_Goal of the exercise_: Using the records below, give again exactly the lines from the line that contains "#61=CARTESIAN_POINT('',(3.5,7.,-5.9));" through the line that contains "#91=CIRCLE('',#90,5.);", both ends included, and only those.

_Materials provided_:
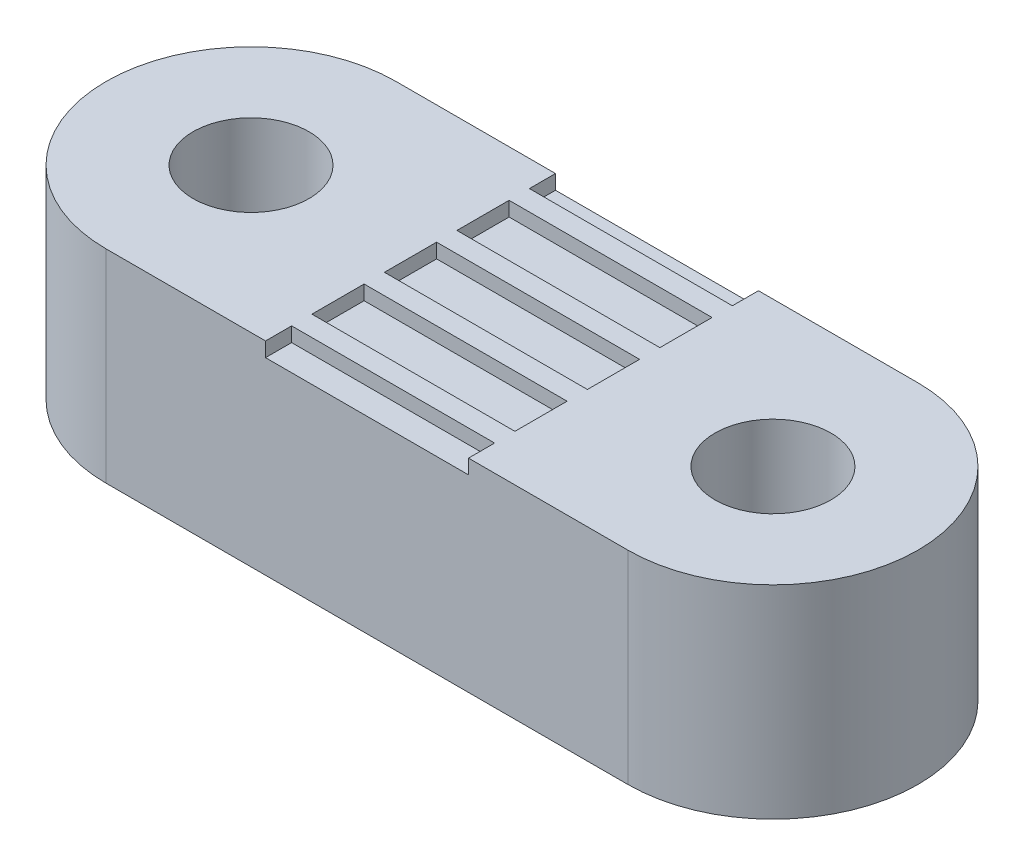
ISO-10303-21;
HEADER;
FILE_DESCRIPTION(('STEP AP214'),'2;1');
FILE_NAME('part.step','',(''),(''),'','','');
FILE_SCHEMA(('AUTOMOTIVE_DESIGN { 1 0 10303 214 1 1 1 1 }'));
ENDSEC;
DATA;
#1=APPLICATION_CONTEXT('core data for automotive mechanical design processes');
#2=APPLICATION_PROTOCOL_DEFINITION('international standard','automotive_design',2000,#1);
#3=PRODUCT_CONTEXT('',#1,'mechanical');
#4=PRODUCT('Part','Part','',(#3));
#5=PRODUCT_RELATED_PRODUCT_CATEGORY('part','',(#4));
#6=PRODUCT_DEFINITION_FORMATION('','',#4);
#7=PRODUCT_DEFINITION_CONTEXT('part definition',#1,'design');
#8=PRODUCT_DEFINITION('design','',#6,#7);
#9=PRODUCT_DEFINITION_SHAPE('','',#8);
#10=(LENGTH_UNIT() NAMED_UNIT(*) SI_UNIT(.MILLI.,.METRE.));
#11=(NAMED_UNIT(*) PLANE_ANGLE_UNIT() SI_UNIT($,.RADIAN.));
#12=(NAMED_UNIT(*) SI_UNIT($,.STERADIAN.) SOLID_ANGLE_UNIT());
#13=UNCERTAINTY_MEASURE_WITH_UNIT(LENGTH_MEASURE(1.E-05),#10,'distance_accuracy_value','');
#14=(GEOMETRIC_REPRESENTATION_CONTEXT(3) GLOBAL_UNCERTAINTY_ASSIGNED_CONTEXT((#13)) GLOBAL_UNIT_ASSIGNED_CONTEXT((#10,
#11,#12)) REPRESENTATION_CONTEXT('',''));
#15=CARTESIAN_POINT('',(0.,0.,0.));
#16=DIRECTION('',(0.,0.,1.));
#17=DIRECTION('',(1.,0.,0.));
#18=AXIS2_PLACEMENT_3D('',#15,#16,#17);
#19=CARTESIAN_POINT('',(-8.99999999999999,7.,0.));
#20=DIRECTION('',(0.,1.,0.));
#21=DIRECTION('',(0.,0.,1.));
#22=AXIS2_PLACEMENT_3D('',#19,#20,#21);
#23=PLANE('',#22);
#24=DIRECTION('',(0.,0.,-1.));
#25=VECTOR('',#24,1.);
#26=CARTESIAN_POINT('',(3.5,7.,4.1));
#27=LINE('',#26,#25);
#28=CARTESIAN_POINT('',(3.5,7.,5.));
#29=VERTEX_POINT('',#28);
#30=CARTESIAN_POINT('',(3.5,7.,4.1));
#31=VERTEX_POINT('',#30);
#32=EDGE_CURVE('E211',#29,#31,#27,.T.);
#33=ORIENTED_EDGE('',*,*,#32,.F.);
#34=DIRECTION('',(1.,0.,0.));
#35=VECTOR('',#34,1.);
#36=CARTESIAN_POINT('',(-8.99999999999999,7.,5.));
#37=LINE('',#36,#35);
#38=CARTESIAN_POINT('',(8.99999999999999,7.,5.));
#39=VERTEX_POINT('',#38);
#40=EDGE_CURVE('E355',#29,#39,#37,.T.);
#41=ORIENTED_EDGE('',*,*,#40,.T.);
#42=CARTESIAN_POINT('',(8.99999999999999,7.,0.));
#43=DIRECTION('',(0.,1.,0.));
#44=DIRECTION('',(0.,0.,1.));
#45=AXIS2_PLACEMENT_3D('',#42,#43,#44);
#46=CIRCLE('',#45,5.);
#47=CARTESIAN_POINT('',(8.99999999999999,7.,-5.));
#48=VERTEX_POINT('',#47);
#49=EDGE_CURVE('E360',#39,#48,#46,.T.);
#50=ORIENTED_EDGE('',*,*,#49,.T.);
#51=DIRECTION('',(-1.,0.,0.));
#52=VECTOR('',#51,1.);
#53=CARTESIAN_POINT('',(-8.99999999999999,7.,-5.));
#54=LINE('',#53,#52);
#55=CARTESIAN_POINT('',(3.5,7.,-5.));
#56=VERTEX_POINT('',#55);
#57=EDGE_CURVE('E363',#48,#56,#54,.T.);
#58=ORIENTED_EDGE('',*,*,#57,.T.);
#59=DIRECTION('',(0.,0.,-1.));
#60=VECTOR('',#59,1.);
#61=CARTESIAN_POINT('',(3.5,7.,-5.9));
#62=LINE('',#61,#60);
#63=CARTESIAN_POINT('',(3.5,7.,-4.1));
#64=VERTEX_POINT('',#63);
#65=EDGE_CURVE('E251',#64,#56,#62,.T.);
#66=ORIENTED_EDGE('',*,*,#65,.F.);
#67=DIRECTION('',(1.,0.,0.));
#68=VECTOR('',#67,1.);
#69=CARTESIAN_POINT('',(-3.5,7.,-4.1));
#70=LINE('',#69,#68);
#71=CARTESIAN_POINT('',(-3.5,7.,-4.1));
#72=VERTEX_POINT('',#71);
#73=EDGE_CURVE('E260',#72,#64,#70,.T.);
#74=ORIENTED_EDGE('',*,*,#73,.F.);
#75=DIRECTION('',(0.,0.,1.));
#76=VECTOR('',#75,1.);
#77=CARTESIAN_POINT('',(-3.5,7.,-5.9));
#78=LINE('',#77,#76);
#79=CARTESIAN_POINT('',(-3.5,7.,-5.));
#80=VERTEX_POINT('',#79);
#81=EDGE_CURVE('E267',#80,#72,#78,.T.);
#82=ORIENTED_EDGE('',*,*,#81,.F.);
#83=CARTESIAN_POINT('',(-8.99999999999999,7.,-5.));
#84=VERTEX_POINT('',#83);
#85=EDGE_CURVE('E362',#80,#84,#54,.T.);
#86=ORIENTED_EDGE('',*,*,#85,.T.);
#87=CARTESIAN_POINT('',(-8.99999999999999,7.,0.));
#88=DIRECTION('',(0.,1.,0.));
#89=DIRECTION('',(0.,0.,1.));
#90=AXIS2_PLACEMENT_3D('',#87,#88,#89);
#91=CIRCLE('',#90,5.);
#92=CARTESIAN_POINT('',(-8.99999999999999,7.,5.));
#93=VERTEX_POINT('',#92);
#94=EDGE_CURVE('E352',#84,#93,#91,.T.);
#95=ORIENTED_EDGE('',*,*,#94,.T.);
#96=CARTESIAN_POINT('',(-3.5,7.,5.));
#97=VERTEX_POINT('',#96);
#98=EDGE_CURVE('E357',#93,#97,#37,.T.);
#99=ORIENTED_EDGE('',*,*,#98,.T.);
#100=DIRECTION('',(0.,0.,1.));
#101=VECTOR('',#100,1.);
#102=CARTESIAN_POINT('',(-3.5,7.,4.1));
#103=LINE('',#102,#101);
#104=CARTESIAN_POINT('',(-3.5,7.,4.1));
#105=VERTEX_POINT('',#104);
#106=EDGE_CURVE('E205',#105,#97,#103,.T.);
#107=ORIENTED_EDGE('',*,*,#106,.F.);
#108=DIRECTION('',(-1.,0.,0.));
#109=VECTOR('',#108,1.);
#110=CARTESIAN_POINT('',(-3.5,7.,4.1));
#111=LINE('',#110,#109);
#112=EDGE_CURVE('E222',#31,#105,#111,.T.);
#113=ORIENTED_EDGE('',*,*,#112,.F.);
#114=EDGE_LOOP('',(#33,#41,#50,#58,#66,#74,#82,#86,#95,#99,#107,#113));
#115=FACE_BOUND('',#114,.T.);
#116=DIRECTION('',(0.,0.,-1.));
#117=VECTOR('',#116,1.);
#118=CARTESIAN_POINT('',(3.5,7.,1.6));
#119=LINE('',#118,#117);
#120=CARTESIAN_POINT('',(3.5,7.,3.4));
#121=VERTEX_POINT('',#120);
#122=CARTESIAN_POINT('',(3.5,7.,1.6));
#123=VERTEX_POINT('',#122);
#124=EDGE_CURVE('E60',#121,#123,#119,.T.);
#125=ORIENTED_EDGE('',*,*,#124,.F.);
#126=DIRECTION('',(1.,0.,0.));
#127=VECTOR('',#126,1.);
#128=CARTESIAN_POINT('',(-3.5,7.,3.4));
#129=LINE('',#128,#127);
#130=CARTESIAN_POINT('',(-3.5,7.,3.4));
#131=VERTEX_POINT('',#130);
#132=EDGE_CURVE('E230',#131,#121,#129,.T.);
#133=ORIENTED_EDGE('',*,*,#132,.F.);
#134=DIRECTION('',(0.,0.,1.));
#135=VECTOR('',#134,1.);
#136=CARTESIAN_POINT('',(-3.5,7.,1.6));
#137=LINE('',#136,#135);
#138=CARTESIAN_POINT('',(-3.5,7.,1.6));
#139=VERTEX_POINT('',#138);
#140=EDGE_CURVE('E244',#139,#131,#137,.T.);
#141=ORIENTED_EDGE('',*,*,#140,.F.);
#142=DIRECTION('',(-1.,0.,0.));
#143=VECTOR('',#142,1.);
#144=CARTESIAN_POINT('',(-3.5,7.,1.6));
#145=LINE('',#144,#143);
#146=EDGE_CURVE('E241',#123,#139,#145,.T.);
#147=ORIENTED_EDGE('',*,*,#146,.F.);
#148=EDGE_LOOP('',(#125,#133,#141,#147));
#149=FACE_BOUND('',#148,.T.);
#150=DIRECTION('',(0.,0.,-1.));
#151=VECTOR('',#150,1.);
#152=CARTESIAN_POINT('',(3.5,7.,-3.4));
#153=LINE('',#152,#151);
#154=CARTESIAN_POINT('',(3.5,7.,-1.6));
#155=VERTEX_POINT('',#154);
#156=CARTESIAN_POINT('',(3.5,7.,-3.4));
#157=VERTEX_POINT('',#156);
#158=EDGE_CURVE('E273',#155,#157,#153,.T.);
#159=ORIENTED_EDGE('',*,*,#158,.F.);
#160=DIRECTION('',(1.,0.,0.));
#161=VECTOR('',#160,1.);
#162=CARTESIAN_POINT('',(-3.5,7.,-1.6));
#163=LINE('',#162,#161);
#164=CARTESIAN_POINT('',(-3.5,7.,-1.6));
#165=VERTEX_POINT('',#164);
#166=EDGE_CURVE('E280',#165,#155,#163,.T.);
#167=ORIENTED_EDGE('',*,*,#166,.F.);
#168=DIRECTION('',(0.,0.,1.));
#169=VECTOR('',#168,1.);
#170=CARTESIAN_POINT('',(-3.5,7.,-3.4));
#171=LINE('',#170,#169);
#172=CARTESIAN_POINT('',(-3.5,7.,-3.4));
#173=VERTEX_POINT('',#172);
#174=EDGE_CURVE('E294',#173,#165,#171,.T.);
#175=ORIENTED_EDGE('',*,*,#174,.F.);
#176=DIRECTION('',(-1.,0.,0.));
#177=VECTOR('',#176,1.);
#178=CARTESIAN_POINT('',(-3.5,7.,-3.4));
#179=LINE('',#178,#177);
#180=EDGE_CURVE('E291',#157,#173,#179,.T.);
#181=ORIENTED_EDGE('',*,*,#180,.F.);
#182=EDGE_LOOP('',(#159,#167,#175,#181));
#183=FACE_BOUND('',#182,.T.);
#184=DIRECTION('',(0.,0.,-1.));
#185=VECTOR('',#184,1.);
#186=CARTESIAN_POINT('',(3.5,7.,-0.9));
#187=LINE('',#186,#185);
#188=CARTESIAN_POINT('',(3.5,7.,0.9));
#189=VERTEX_POINT('',#188);
#190=CARTESIAN_POINT('',(3.5,7.,-0.9));
#191=VERTEX_POINT('',#190);
#192=EDGE_CURVE('E301',#189,#191,#187,.T.);
#193=ORIENTED_EDGE('',*,*,#192,.F.);
#194=DIRECTION('',(1.,0.,0.));
#195=VECTOR('',#194,1.);
#196=CARTESIAN_POINT('',(-3.5,7.,0.9));
#197=LINE('',#196,#195);
#198=CARTESIAN_POINT('',(-3.5,7.,0.9));
#199=VERTEX_POINT('',#198);
#200=EDGE_CURVE('E312',#199,#189,#197,.T.);
#201=ORIENTED_EDGE('',*,*,#200,.F.);
#202=DIRECTION('',(0.,0.,1.));
#203=VECTOR('',#202,1.);
#204=CARTESIAN_POINT('',(-3.5,7.,-0.9));
#205=LINE('',#204,#203);
#206=CARTESIAN_POINT('',(-3.5,7.,-0.9));
#207=VERTEX_POINT('',#206);
#208=EDGE_CURVE('E326',#207,#199,#205,.T.);
#209=ORIENTED_EDGE('',*,*,#208,.F.);
#210=DIRECTION('',(-1.,0.,0.));
#211=VECTOR('',#210,1.);
#212=CARTESIAN_POINT('',(-3.5,7.,-0.9));
#213=LINE('',#212,#211);
#214=EDGE_CURVE('E323',#191,#207,#213,.T.);
#215=ORIENTED_EDGE('',*,*,#214,.F.);
#216=EDGE_LOOP('',(#193,#201,#209,#215));
#217=FACE_BOUND('',#216,.T.);
#218=CARTESIAN_POINT('',(-8.99999999999999,7.,0.));
#219=DIRECTION('',(0.,1.,0.));
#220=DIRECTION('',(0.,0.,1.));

_Written reply_:
#61=CARTESIAN_POINT('',(3.5,7.,-5.9));
#62=LINE('',#61,#60);
#63=CARTESIAN_POINT('',(3.5,7.,-4.1));
#64=VERTEX_POINT('',#63);
#65=EDGE_CURVE('E251',#64,#56,#62,.T.);
#66=ORIENTED_EDGE('',*,*,#65,.F.);
#67=DIRECTION('',(1.,0.,0.));
#68=VECTOR('',#67,1.);
#69=CARTESIAN_POINT('',(-3.5,7.,-4.1));
#70=LINE('',#69,#68);
#71=CARTESIAN_POINT('',(-3.5,7.,-4.1));
#72=VERTEX_POINT('',#71);
#73=EDGE_CURVE('E260',#72,#64,#70,.T.);
#74=ORIENTED_EDGE('',*,*,#73,.F.);
#75=DIRECTION('',(0.,0.,1.));
#76=VECTOR('',#75,1.);
#77=CARTESIAN_POINT('',(-3.5,7.,-5.9));
#78=LINE('',#77,#76);
#79=CARTESIAN_POINT('',(-3.5,7.,-5.));
#80=VERTEX_POINT('',#79);
#81=EDGE_CURVE('E267',#80,#72,#78,.T.);
#82=ORIENTED_EDGE('',*,*,#81,.F.);
#83=CARTESIAN_POINT('',(-8.99999999999999,7.,-5.));
#84=VERTEX_POINT('',#83);
#85=EDGE_CURVE('E362',#80,#84,#54,.T.);
#86=ORIENTED_EDGE('',*,*,#85,.T.);
#87=CARTESIAN_POINT('',(-8.99999999999999,7.,0.));
#88=DIRECTION('',(0.,1.,0.));
#89=DIRECTION('',(0.,0.,1.));
#90=AXIS2_PLACEMENT_3D('',#87,#88,#89);
#91=CIRCLE('',#90,5.);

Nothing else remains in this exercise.